Install libraries from a package repository

Azure Databricks provides tools to install libraries from PyPI, Maven, and CRAN package repositories. See Cluster-scoped libraries for full library compatibility details.

Important

Libraries can be installed from DBFS when using Databricks Runtime 14.3 LTS and below. However, any workspace user can modify library files stored in DBFS. To improve the security of libraries in an Azure Databricks workspace, storing library files in the DBFS root is deprecated and disabled by default in Databricks Runtime 15.1 and above. See Storing libraries in DBFS root is deprecated and disabled by default.

Instead, Databricks recommends uploading all libraries, including Python libraries, JAR files, and Spark connectors, to workspace files or Unity Catalog volumes, or using library package repositories. If your workload does not support these patterns, you can also use libraries stored in cloud object storage.

PyPI package

  1. In the Library Source button list, select PyPI.

  2. Enter a PyPI package name. To install a specific version of a library, use this format for the library: <library>==<version>. For example, scikit-learn==0.19.1.

    Note

    For jobs, Databricks recommends that you specify a library version to ensure a reproducible environment. If the library version is not fully specified, Databricks uses the latest matching version. This means that different runs of the same job might use different library versions as new versions are published. Specifying the library version prevents new, breaking changes in libraries from breaking your jobs.

  3. (Optional) In the Index URL field enter a PyPI index URL.

  4. Click Install.

Maven or Spark package

Important

To install Maven libraries on compute configured with shared access mode, you must add the coordinates to the allowlist. See Allowlist libraries and init scripts on shared compute.

Important

For DBR 14.3 LTS and below, Databricks uses Apache Ivy 2.4.0 to resolve Maven packages. For DBR 15.0 and above, Databricks uses Ivy 2.5.1 or greater and the specific Ivy version is listed in Databricks Runtime release notes versions and compatibility.

The installation order of Maven packages may affect the final dependency tree, which can impact the order in which libraries are loaded.

  1. In the Library Source button list, select Maven.
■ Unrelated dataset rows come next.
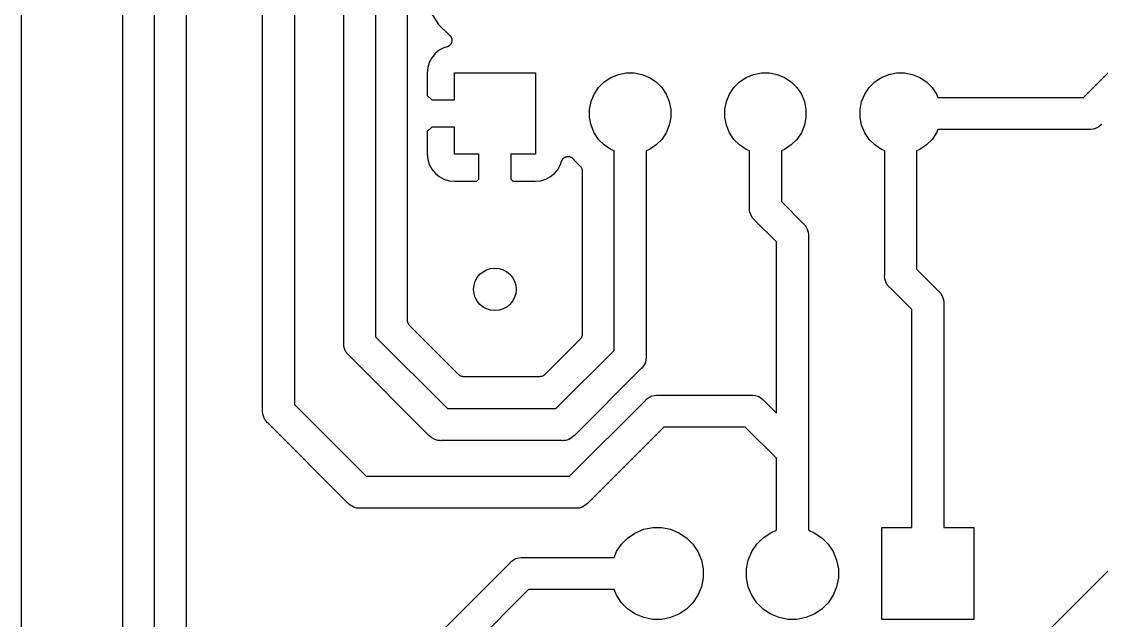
# Model space of a CAD drawing. Extents: x 102.4 to 160.8, y -97.5 to -19.5.
# Drawn here: x 102.36 to 122.64, y -62.86 to -51.62 of the extents above; entities that cross this region are included whole.
import ezdxf

# ---------------------------------------------------------------- set-up
doc = ezdxf.new("R2010")
doc.units = 0
doc.layers.add('BLACK', color=7, linetype='CONTINUOUS')

msp = doc.modelspace()

# ---------------------------------------------------------------- linework, layer by layer
at = {"layer": 'BLACK', "linetype": 'CONTINUOUS'}
for p, q in [((102.362, -97.409), (102.362, -19.939)), ((104.856, -70.0893), (104.856, -28.9707)), ((104.256, -29.0065), (104.256, -70.0536)), ((105.456, -29.0803), (105.456, -69.9797)), ((106.888, -58.9133), (106.888, -42.9407)), ((107.488, -43.0503), (107.488, -58.8037)), ((108.412, -57.6433), (108.412, -44.0954)), ((109.012, -44.2049), (109.012, -57.5337)), ((109.612, -57.2326), (109.612, -48.0882)), ((110.045, -51.4451), (110.194, -51.6682)), ((110.194, -51.6682), (110.384, -51.8579)), ((110.384, -51.8579), (110.388, -51.861)), ((110.388, -51.861), (110.39, -51.862)), ((110.39, -51.862), (110.394, -51.8659)), ((110.394, -51.8659), (110.399, -51.8692)), ((110.399, -51.8692), (110.404, -51.8739)), ((110.404, -51.8739), (110.409, -51.878)), ((110.409, -51.878), (110.413, -51.8827)), ((110.413, -51.8827), (110.417, -51.8869)), ((110.417, -51.8869), (110.42, -51.8923)), ((110.42, -51.8923), (110.424, -51.8974)), ((110.424, -51.8974), (110.427, -51.9027)), ((110.427, -51.9027), (110.43, -51.9077)), ((110.43, -51.9077), (110.433, -51.9136)), ((110.433, -51.9136), (110.436, -51.9194)), ((110.295, -52.1064), (110.206, -52.1536)), ((110.355, -52.0882), (110.295, -52.1064)), ((110.36, -52.0859), (110.355, -52.0882)), ((110.366, -52.0842), (110.36, -52.0859)), ((110.372, -52.0812), (110.366, -52.0842)), ((110.378, -52.0787), (110.372, -52.0812)), ((110.383, -52.0754), (110.378, -52.0787)), ((110.388, -52.0726), (110.383, -52.0754)), ((110.393, -52.0685), (110.388, -52.0726)), ((110.398, -52.065), (110.393, -52.0685)), ((110.402, -52.0607), (110.398, -52.065)), ((110.407, -52.057), (110.402, -52.0607)), ((110.411, -52.052), (110.407, -52.057)), ((110.416, -52.0475), (110.411, -52.052)), ((110.419, -52.0425), (110.416, -52.0475)), ((110.423, -52.0379), (110.419, -52.0425)), ((110.426, -52.0323), (110.423, -52.0379)), ((110.43, -52.0269), (110.426, -52.0323)), ((110.432, -52.0214), (110.43, -52.0269)), ((110.435, -52.0162), (110.432, -52.0214)), ((110.437, -52.01), (110.435, -52.0162)), ((110.436, -51.9194), (110.437, -51.9251)), ((110.437, -51.9251), (110.44, -51.9306)), ((110.439, -52.004), (110.437, -52.01)), ((110.44, -51.9982), (110.439, -52.004)), ((110.44, -51.9306), (110.441, -51.937)), ((110.442, -51.9925), (110.44, -51.9982)), ((110.441, -51.937), (110.443, -51.9432)), ((110.443, -51.9861), (110.442, -51.9925)), ((110.443, -51.9432), (110.443, -51.9491)), ((110.443, -51.9491), (110.444, -51.955)), ((110.444, -51.9797), (110.443, -51.9861)), ((110.444, -51.955), (110.444, -51.9614)), ((110.444, -51.9614), (110.445, -51.9679)), ((110.445, -51.9679), (110.444, -51.9738)), ((110.444, -51.9738), (110.444, -51.9797)), ((110.066, -52.2944), (110.018, -52.3827)), ((110.129, -52.2171), (110.066, -52.2944)), ((110.206, -52.1536), (110.129, -52.2171)), ((122.304, -53.04), (123.144, -52.1997)), ((109.989, -52.4784), (109.979, -52.5838)), ((110.018, -52.3827), (109.989, -52.4784)), ((109.979, -52.5838), (109.982, -53.0013)), ((110.49, -53.086), (110.49, -52.578)), ((110.49, -52.578), (112.014, -52.578)), ((112.014, -52.578), (112.014, -54.102)), ((113.306, -52.7481), (113.431, -52.6647)), ((113.431, -52.6647), (113.57, -52.6073)), ((113.57, -52.6073), (113.717, -52.578)), ((113.717, -52.578), (113.867, -52.578)), ((113.867, -52.578), (114.014, -52.6073)), ((114.014, -52.6073), (114.153, -52.6647)), ((114.153, -52.6647), (114.278, -52.7481)), ((115.846, -52.7481), (115.971, -52.6647)), ((115.971, -52.6647), (116.11, -52.6073)), ((116.11, -52.6073), (116.257, -52.578)), ((116.257, -52.578), (116.407, -52.578)), ((116.407, -52.578), (116.554, -52.6073)), ((116.554, -52.6073), (116.693, -52.6647)), ((116.693, -52.6647), (116.818, -52.7481)), ((118.386, -52.7481), (118.511, -52.6647)), ((118.511, -52.6647), (118.65, -52.6073)), ((118.65, -52.6073), (118.797, -52.578)), ((118.797, -52.578), (118.947, -52.578)), ((118.947, -52.578), (119.094, -52.6073)), ((119.094, -52.6073), (119.233, -52.6647)), ((119.233, -52.6647), (119.358, -52.7481)), ((113.117, -52.9791), (113.2, -52.8543)), ((113.2, -52.8543), (113.306, -52.7481)), ((114.278, -52.7481), (114.384, -52.8543)), ((114.384, -52.8543), (114.467, -52.9791)), ((115.657, -52.9791), (115.74, -52.8543)), ((115.74, -52.8543), (115.846, -52.7481)), ((116.818, -52.7481), (116.924, -52.8543)), ((116.924, -52.8543), (117.007, -52.9791)), ((118.197, -52.9791), (118.28, -52.8543)), ((118.28, -52.8543), (118.386, -52.7481)), ((119.358, -52.7481), (119.464, -52.8543)), ((119.464, -52.8543), (119.547, -52.9791)), ((109.982, -53.0013), (110.066, -53.086)), ((110.066, -53.086), (110.49, -53.086)), ((113.03, -53.2649), (113.059, -53.1177)), ((113.059, -53.1177), (113.117, -52.9791)), ((114.467, -52.9791), (114.525, -53.1177)), ((114.525, -53.1177), (114.554, -53.2649)), ((115.57, -53.2649), (115.599, -53.1177)), ((115.599, -53.1177), (115.657, -52.9791)), ((117.007, -52.9791), (117.065, -53.1177)), ((117.065, -53.1177), (117.094, -53.2649)), ((118.11, -53.2649), (118.139, -53.1177)), ((118.139, -53.1177), (118.197, -52.9791)), ((119.547, -52.9791), (119.573, -53.04)), ((119.573, -53.04), (122.304, -53.04)), ((113.03, -53.4151), (113.03, -53.2649)), ((114.554, -53.2649), (114.554, -53.4151)), ((115.57, -53.4151), (115.57, -53.2649)), ((117.094, -53.2649), (117.094, -53.4151)), ((118.11, -53.4151), (118.11, -53.2649)), ((113.059, -53.5623), (113.03, -53.4151)), ((114.554, -53.4151), (114.525, -53.5623)), ((115.599, -53.5623), (115.57, -53.4151)), ((117.094, -53.4151), (117.065, -53.5623)), ((118.139, -53.5623), (118.11, -53.4151)), ((109.982, -53.6787), (109.979, -54.0962)), ((110.066, -53.594), (109.982, -53.6787)), ((110.49, -53.594), (110.066, -53.594)), ((110.49, -54.102), (110.49, -53.594)), ((113.117, -53.7009), (113.059, -53.5623)), ((113.2, -53.8257), (113.117, -53.7009)), ((114.467, -53.7009), (114.384, -53.8257)), ((114.525, -53.5623), (114.467, -53.7009)), ((115.657, -53.7009), (115.599, -53.5623)), ((115.74, -53.8257), (115.657, -53.7009)), ((117.007, -53.7009), (116.924, -53.8257)), ((117.065, -53.5623), (117.007, -53.7009)), ((118.197, -53.7009), (118.139, -53.5623)), ((118.28, -53.8257), (118.197, -53.7009)), ((119.547, -53.7009), (119.464, -53.8257)), ((119.573, -53.64), (119.547, -53.7009)), ((122.413, -53.64), (119.573, -53.64)), ((122.428, -53.6414), (122.413, -53.64)), ((122.443, -53.64), (122.428, -53.6414)), ((122.487, -53.6357), (122.443, -53.64)), ((122.443, -53.64), (122.443, -53.64)), ((122.543, -53.6185), (122.487, -53.6357)), ((122.595, -53.5906), (122.543, -53.6185)), ((122.641, -53.5532), (122.595, -53.5906)), ((122.651, -53.5417), (122.641, -53.5532)), ((113.306, -53.9319), (113.2, -53.8257)), ((113.431, -54.0153), (113.306, -53.9319)), ((114.278, -53.9319), (114.153, -54.0153)), ((114.384, -53.8257), (114.278, -53.9319)), ((115.846, -53.9319), (115.74, -53.8257)), ((115.971, -54.0153), (115.846, -53.9319)), ((116.818, -53.9319), (116.693, -54.0153)), ((116.924, -53.8257), (116.818, -53.9319)), ((118.386, -53.9319), (118.28, -53.8257)), ((118.511, -54.0153), (118.386, -53.9319)), ((119.358, -53.9319), (119.233, -54.0153)), ((119.464, -53.8257), (119.358, -53.9319)), ((109.979, -54.0962), (109.989, -54.2016)), ((110.952, -54.102), (110.49, -54.102)), ((110.952, -54.5716), (110.952, -54.102)), ((112.014, -54.102), (111.552, -54.102)), ((111.552, -54.102), (111.552, -54.5716)), ((112.601, -54.1494), (112.608, -54.1488)), ((112.608, -54.1488), (112.614, -54.1476)), ((112.614, -54.1476), (112.62, -54.1477)), ((112.62, -54.1477), (112.626, -54.1471)), ((112.626, -54.1471), (112.632, -54.1478)), ((112.632, -54.1478), (112.639, -54.1478)), ((112.639, -54.1478), (112.645, -54.149)), ((113.492, -54.0405), (113.431, -54.0153)), ((113.492, -57.7877), (113.492, -54.0405)), ((114.153, -54.0153), (114.092, -54.0405)), ((114.092, -54.0405), (114.092, -57.8973)), ((116.032, -54.0405), (115.971, -54.0153)), ((116.032, -55.1033), (116.032, -54.0405)), ((116.693, -54.0153), (116.632, -54.0405)), ((116.632, -54.0405), (116.632, -54.9937)), ((118.572, -54.0405), (118.511, -54.0153)), ((118.572, -56.3733), (118.572, -54.0405)), ((119.233, -54.0153), (119.172, -54.0405)), ((119.172, -54.0405), (119.172, -56.2637)), ((109.989, -54.2016), (110.018, -54.2973)), ((110.018, -54.2973), (110.066, -54.3856)), ((112.438, -54.3856), (112.486, -54.2973)), ((112.486, -54.2973), (112.504, -54.2373)), ((112.504, -54.2356), (112.507, -54.2301)), ((112.504, -54.2373), (112.504, -54.2356)), ((112.507, -54.2301), (112.508, -54.2244)), ((112.508, -54.2244), (112.512, -54.2187)), ((112.512, -54.2187), (112.514, -54.2128)), ((112.514, -54.2128), (112.518, -54.2079)), ((112.518, -54.2079), (112.52, -54.2027)), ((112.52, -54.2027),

  2. Specify a Maven coordinate. Do one of the following:

    • In the Coordinate field, enter the Maven coordinate of the library to install. Maven coordinates are in the form groupId:artifactId:version; for example, com.databricks:spark-avro_2.10:1.0.0.
    • If you don't know the exact coordinate, enter the library name and click Search Packages. A list of matching packages displays. To display details about a package, click its name. You can sort packages by name, organization, and rating. You can also filter the results by writing a query in the search bar. The results refresh automatically.
      1. Select Maven Central or Spark Packages in the drop-down list at the top left.
      2. Optionally select the package version in the Releases column.
      3. Click + Select next to a package. The Coordinate field is filled in with the selected package and version.
  3. (Optional) In the Repository field, you can enter a Maven repository URL.

    Note

    Internal Maven repositories are not supported.

  4. In the Exclusions field, optionally provide the groupId and the artifactId of the dependencies that you want to exclude (for example, log4j:log4j).

    Note

    Maven works by using the closest-to-root version, and in the case of two packages vying for versions with different dependencies, the order matters, so it may fail when the package with an older dependency gets loaded first.

    To work around this, exclude the conflicting library. For example, when installing the package with the coordinate com.microsoft.azure:azure-eventhubs-spark_2.12:2.3.22, set the Exclusions field to com.nimbusds:oauth2-oidc-sdk:RELEASE so the latest version of eventhubs from MSAL4J is loaded and the eventhubs dependency is satisfied.

  5. Click Install.

CRAN package

  1. In the Library Source button list, select CRAN.

  2. In the Package field, enter the name of the package.

  3. (Optional) In the Repository field, you can enter the CRAN repository URL.

  4. Click Install.

    Note

    CRAN mirrors serve the latest version of a library. As a result, you may end up with different versions of an R package if you attach the library to different clusters at different times. To learn how to manage and fix R package versions on Databricks, see the Knowledge Base.